=== Records contained in a dataset ===
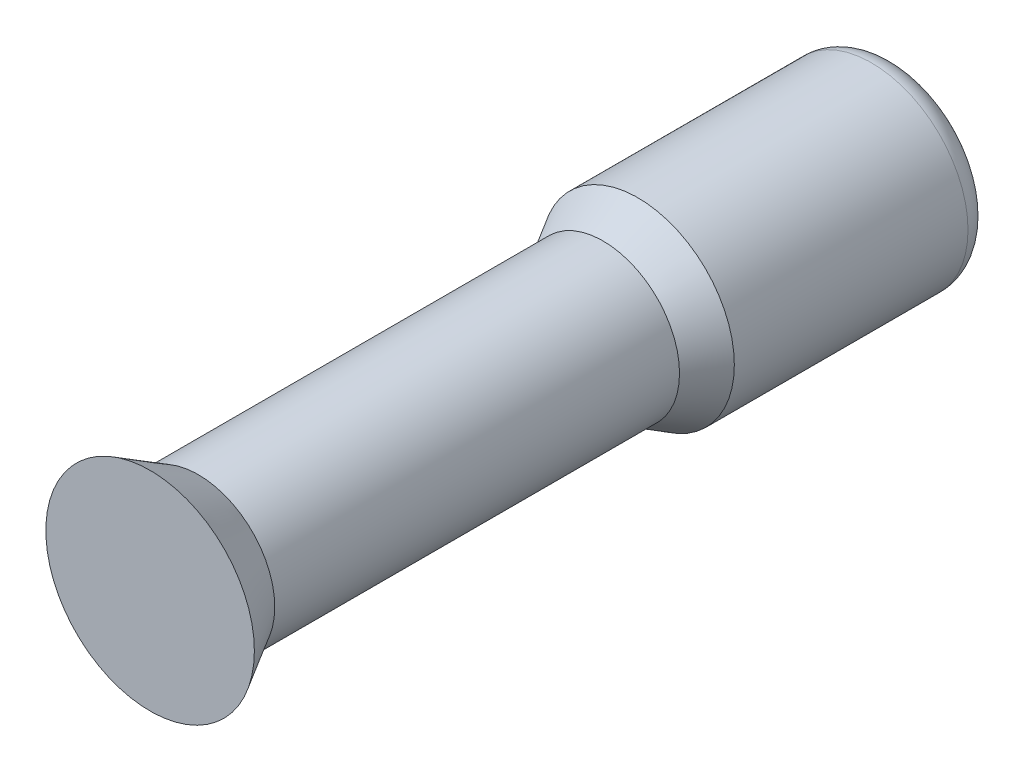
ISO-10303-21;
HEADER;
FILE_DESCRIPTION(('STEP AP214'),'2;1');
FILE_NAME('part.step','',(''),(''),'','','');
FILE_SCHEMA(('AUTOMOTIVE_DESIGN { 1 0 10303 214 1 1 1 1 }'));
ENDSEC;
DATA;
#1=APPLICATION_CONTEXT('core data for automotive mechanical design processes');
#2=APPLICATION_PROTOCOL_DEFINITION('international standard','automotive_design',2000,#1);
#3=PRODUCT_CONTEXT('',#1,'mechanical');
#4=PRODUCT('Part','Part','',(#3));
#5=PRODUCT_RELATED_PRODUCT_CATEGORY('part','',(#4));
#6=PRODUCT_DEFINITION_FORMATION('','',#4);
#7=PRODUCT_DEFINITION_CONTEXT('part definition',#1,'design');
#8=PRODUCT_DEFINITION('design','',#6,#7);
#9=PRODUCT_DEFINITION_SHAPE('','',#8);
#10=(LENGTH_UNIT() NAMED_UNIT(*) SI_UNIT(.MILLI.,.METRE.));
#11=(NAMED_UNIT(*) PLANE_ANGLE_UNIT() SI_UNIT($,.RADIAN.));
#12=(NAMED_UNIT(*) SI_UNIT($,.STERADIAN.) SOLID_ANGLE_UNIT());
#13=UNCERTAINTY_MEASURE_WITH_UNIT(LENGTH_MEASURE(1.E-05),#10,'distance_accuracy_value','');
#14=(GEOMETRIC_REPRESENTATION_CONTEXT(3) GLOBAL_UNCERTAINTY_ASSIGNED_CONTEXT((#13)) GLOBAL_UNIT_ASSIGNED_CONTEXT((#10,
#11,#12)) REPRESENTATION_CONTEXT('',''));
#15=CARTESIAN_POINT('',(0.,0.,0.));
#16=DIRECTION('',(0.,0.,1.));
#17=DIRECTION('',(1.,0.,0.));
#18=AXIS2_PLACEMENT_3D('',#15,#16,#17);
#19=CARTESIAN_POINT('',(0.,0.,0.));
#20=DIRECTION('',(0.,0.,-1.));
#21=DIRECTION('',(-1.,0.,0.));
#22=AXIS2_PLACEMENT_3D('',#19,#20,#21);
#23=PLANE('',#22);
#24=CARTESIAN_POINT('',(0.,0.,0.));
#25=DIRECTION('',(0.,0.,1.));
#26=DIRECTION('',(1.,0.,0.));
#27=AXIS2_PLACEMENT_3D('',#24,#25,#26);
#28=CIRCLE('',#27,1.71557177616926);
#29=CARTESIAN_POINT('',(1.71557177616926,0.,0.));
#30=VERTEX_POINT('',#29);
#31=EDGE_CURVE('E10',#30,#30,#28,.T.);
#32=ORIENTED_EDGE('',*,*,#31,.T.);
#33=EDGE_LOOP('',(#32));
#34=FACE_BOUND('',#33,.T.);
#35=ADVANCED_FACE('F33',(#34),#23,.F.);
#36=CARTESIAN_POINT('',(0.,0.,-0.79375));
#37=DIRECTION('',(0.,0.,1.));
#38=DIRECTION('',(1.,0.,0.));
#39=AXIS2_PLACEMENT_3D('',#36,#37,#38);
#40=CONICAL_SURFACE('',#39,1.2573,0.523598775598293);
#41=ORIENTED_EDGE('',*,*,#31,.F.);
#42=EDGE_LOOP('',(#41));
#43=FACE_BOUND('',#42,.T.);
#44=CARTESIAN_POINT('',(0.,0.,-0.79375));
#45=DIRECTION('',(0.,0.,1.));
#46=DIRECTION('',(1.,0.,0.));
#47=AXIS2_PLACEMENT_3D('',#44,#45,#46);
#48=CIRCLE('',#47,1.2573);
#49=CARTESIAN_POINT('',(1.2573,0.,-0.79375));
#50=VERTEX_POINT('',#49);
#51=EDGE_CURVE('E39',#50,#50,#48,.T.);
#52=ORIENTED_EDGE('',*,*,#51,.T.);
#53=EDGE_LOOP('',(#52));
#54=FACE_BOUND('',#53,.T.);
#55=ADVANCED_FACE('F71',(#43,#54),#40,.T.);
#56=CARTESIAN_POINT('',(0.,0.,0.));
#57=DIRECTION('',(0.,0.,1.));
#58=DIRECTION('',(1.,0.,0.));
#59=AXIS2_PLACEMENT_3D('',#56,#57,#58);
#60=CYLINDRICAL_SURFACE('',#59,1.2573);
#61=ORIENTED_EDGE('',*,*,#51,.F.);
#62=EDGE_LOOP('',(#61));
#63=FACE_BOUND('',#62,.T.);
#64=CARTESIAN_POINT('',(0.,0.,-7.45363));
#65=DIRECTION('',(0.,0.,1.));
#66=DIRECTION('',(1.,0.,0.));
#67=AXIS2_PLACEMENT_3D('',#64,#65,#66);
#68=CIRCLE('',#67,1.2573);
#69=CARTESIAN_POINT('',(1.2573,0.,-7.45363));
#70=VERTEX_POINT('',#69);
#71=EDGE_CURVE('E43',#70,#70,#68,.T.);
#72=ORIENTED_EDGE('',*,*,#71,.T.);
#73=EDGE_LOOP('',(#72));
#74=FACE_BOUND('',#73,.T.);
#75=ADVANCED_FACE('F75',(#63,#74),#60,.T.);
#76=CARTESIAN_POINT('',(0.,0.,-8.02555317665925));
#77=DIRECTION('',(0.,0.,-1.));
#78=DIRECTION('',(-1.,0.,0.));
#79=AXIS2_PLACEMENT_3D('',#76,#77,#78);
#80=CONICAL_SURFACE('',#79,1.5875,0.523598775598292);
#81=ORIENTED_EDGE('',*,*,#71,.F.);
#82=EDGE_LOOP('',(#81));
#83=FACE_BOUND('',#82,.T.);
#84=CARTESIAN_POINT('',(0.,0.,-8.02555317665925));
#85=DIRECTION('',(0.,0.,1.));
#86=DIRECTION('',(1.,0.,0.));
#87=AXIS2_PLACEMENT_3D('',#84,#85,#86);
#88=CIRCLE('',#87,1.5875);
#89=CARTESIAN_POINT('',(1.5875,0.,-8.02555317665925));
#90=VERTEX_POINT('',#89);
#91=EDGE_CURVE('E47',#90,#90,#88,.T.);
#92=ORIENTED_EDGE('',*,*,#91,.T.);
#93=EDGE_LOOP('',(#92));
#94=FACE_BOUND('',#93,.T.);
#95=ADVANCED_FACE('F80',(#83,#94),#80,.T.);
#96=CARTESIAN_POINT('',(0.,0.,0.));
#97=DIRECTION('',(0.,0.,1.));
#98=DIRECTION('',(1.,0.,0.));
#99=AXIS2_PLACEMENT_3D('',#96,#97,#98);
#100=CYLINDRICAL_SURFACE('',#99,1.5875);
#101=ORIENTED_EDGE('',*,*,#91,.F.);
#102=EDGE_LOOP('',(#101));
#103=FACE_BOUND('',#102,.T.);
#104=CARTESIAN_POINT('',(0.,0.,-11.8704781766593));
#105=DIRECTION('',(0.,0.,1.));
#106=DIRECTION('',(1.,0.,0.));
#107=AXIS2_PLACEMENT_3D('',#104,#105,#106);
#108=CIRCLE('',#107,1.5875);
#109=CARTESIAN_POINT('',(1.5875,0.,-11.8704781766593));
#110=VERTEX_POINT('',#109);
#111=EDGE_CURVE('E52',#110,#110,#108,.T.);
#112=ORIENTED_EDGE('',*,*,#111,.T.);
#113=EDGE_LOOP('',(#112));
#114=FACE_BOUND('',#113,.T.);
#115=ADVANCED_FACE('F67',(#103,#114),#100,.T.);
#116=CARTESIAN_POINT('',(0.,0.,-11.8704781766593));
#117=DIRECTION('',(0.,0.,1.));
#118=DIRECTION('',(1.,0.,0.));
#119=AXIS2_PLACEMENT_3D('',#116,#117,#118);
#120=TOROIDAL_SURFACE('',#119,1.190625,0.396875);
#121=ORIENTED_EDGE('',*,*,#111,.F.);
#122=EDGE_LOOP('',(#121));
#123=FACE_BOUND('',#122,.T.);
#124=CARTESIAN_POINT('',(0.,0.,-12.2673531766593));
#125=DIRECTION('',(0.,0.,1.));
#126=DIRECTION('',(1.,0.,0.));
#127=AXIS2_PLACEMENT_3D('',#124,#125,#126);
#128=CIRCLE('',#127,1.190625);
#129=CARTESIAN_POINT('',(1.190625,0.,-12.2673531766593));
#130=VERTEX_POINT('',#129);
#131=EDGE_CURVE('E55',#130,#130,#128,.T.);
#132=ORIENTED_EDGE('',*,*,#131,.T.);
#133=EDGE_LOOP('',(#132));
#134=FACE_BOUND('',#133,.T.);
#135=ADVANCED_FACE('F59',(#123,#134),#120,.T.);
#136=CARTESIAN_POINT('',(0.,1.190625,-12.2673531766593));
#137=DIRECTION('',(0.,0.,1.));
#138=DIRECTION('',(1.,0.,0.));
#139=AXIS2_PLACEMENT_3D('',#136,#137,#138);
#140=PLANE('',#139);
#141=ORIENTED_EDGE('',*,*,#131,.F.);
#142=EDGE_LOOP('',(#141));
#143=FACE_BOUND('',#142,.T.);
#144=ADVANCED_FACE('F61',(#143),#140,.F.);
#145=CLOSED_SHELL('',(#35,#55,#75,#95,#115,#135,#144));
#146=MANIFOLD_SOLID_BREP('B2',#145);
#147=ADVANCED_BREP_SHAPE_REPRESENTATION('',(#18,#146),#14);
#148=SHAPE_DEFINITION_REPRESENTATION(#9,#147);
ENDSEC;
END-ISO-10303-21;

=== Aim of the exercise ===
Output, from the data above, the lines from the line with "#72=ORIENTED_EDGE('',*,*,#71,.T.);" to the line with "#87=AXIS2_PLACEMENT_3D('',#84,#85,#86);" exactly as they stand, both ends included and nothing else.

=== Solution to this exercise ===
#72=ORIENTED_EDGE('',*,*,#71,.T.);
#73=EDGE_LOOP('',(#72));
#74=FACE_BOUND('',#73,.T.);
#75=ADVANCED_FACE('F75',(#63,#74),#60,.T.);
#76=CARTESIAN_POINT('',(0.,0.,-8.02555317665925));
#77=DIRECTION('',(0.,0.,-1.));
#78=DIRECTION('',(-1.,0.,0.));
#79=AXIS2_PLACEMENT_3D('',#76,#77,#78);
#80=CONICAL_SURFACE('',#79,1.5875,0.523598775598292);
#81=ORIENTED_EDGE('',*,*,#71,.F.);
#82=EDGE_LOOP('',(#81));
#83=FACE_BOUND('',#82,.T.);
#84=CARTESIAN_POINT('',(0.,0.,-8.02555317665925));
#85=DIRECTION('',(0.,0.,1.));
#86=DIRECTION('',(1.,0.,0.));
#87=AXIS2_PLACEMENT_3D('',#84,#85,#86);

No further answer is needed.